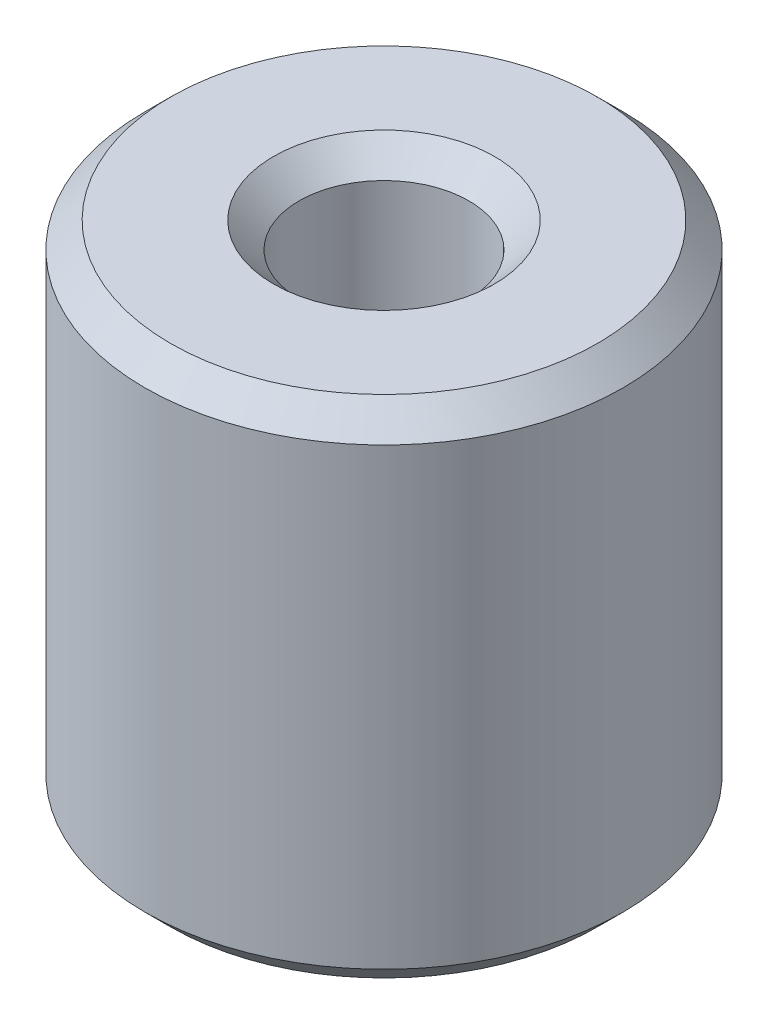
SolidWorks part; units mm, degrees
ref_plane "Front Plane" through (0, 0, 0) normal (0, 0, 1) x (1, 0, 0)
ref_plane "Top Plane" through (0, 0, 0) normal (0, 1, 0) x (1, 0, 0)
ref_plane "Right Plane" through (0, 0, 0) normal (1, 0, 0) x (0, 0, -1)
sketch "Sketch1" plane through (0, 0, 0) normal (0, 1, 0) x (1, 0, 0)
  circle A0 centre (0, 0) radius 5
  dimension "SLEEVE_OD" = 10
extrude "Boss-Extrude1" add sketch "Sketch1" along normal blind 10.5675
sketch "Sketch2" plane through (0, 0, 0) normal (0, 1, 0) x (1, 0, 0)
  circle A0 centre (0, 0) radius 1.7753
  dimension "BORE_D" = 3.5506
extrude "Cut-Extrude1" cut sketch "Sketch2" along normal through all
chamfer "Chamfer1" distance 0.5359 angle 45 4 edges at (0, 10.5675, 1.7753) (0, 0, 1.7753) (0, 0, 5) (0, 10.5675, 5)

WHAT THE EXERCISE ASKS — Write out exactly the lines that begin at the one containing "normal blind 10.5675" and continue through the last line of the data, and only those.

RESPONSE BOX —
extrude "Boss-Extrude1" add sketch "Sketch1" along normal blind 10.5675
sketch "Sketch2" plane through (0, 0, 0) normal (0, 1, 0) x (1, 0, 0)
  circle A0 centre (0, 0) radius 1.7753
  dimension "BORE_D" = 3.5506
extrude "Cut-Extrude1" cut sketch "Sketch2" along normal through all
chamfer "Chamfer1" distance 0.5359 angle 45 4 edges at (0, 10.5675, 1.7753) (0, 0, 1.7753) (0, 0, 5) (0, 10.5675, 5)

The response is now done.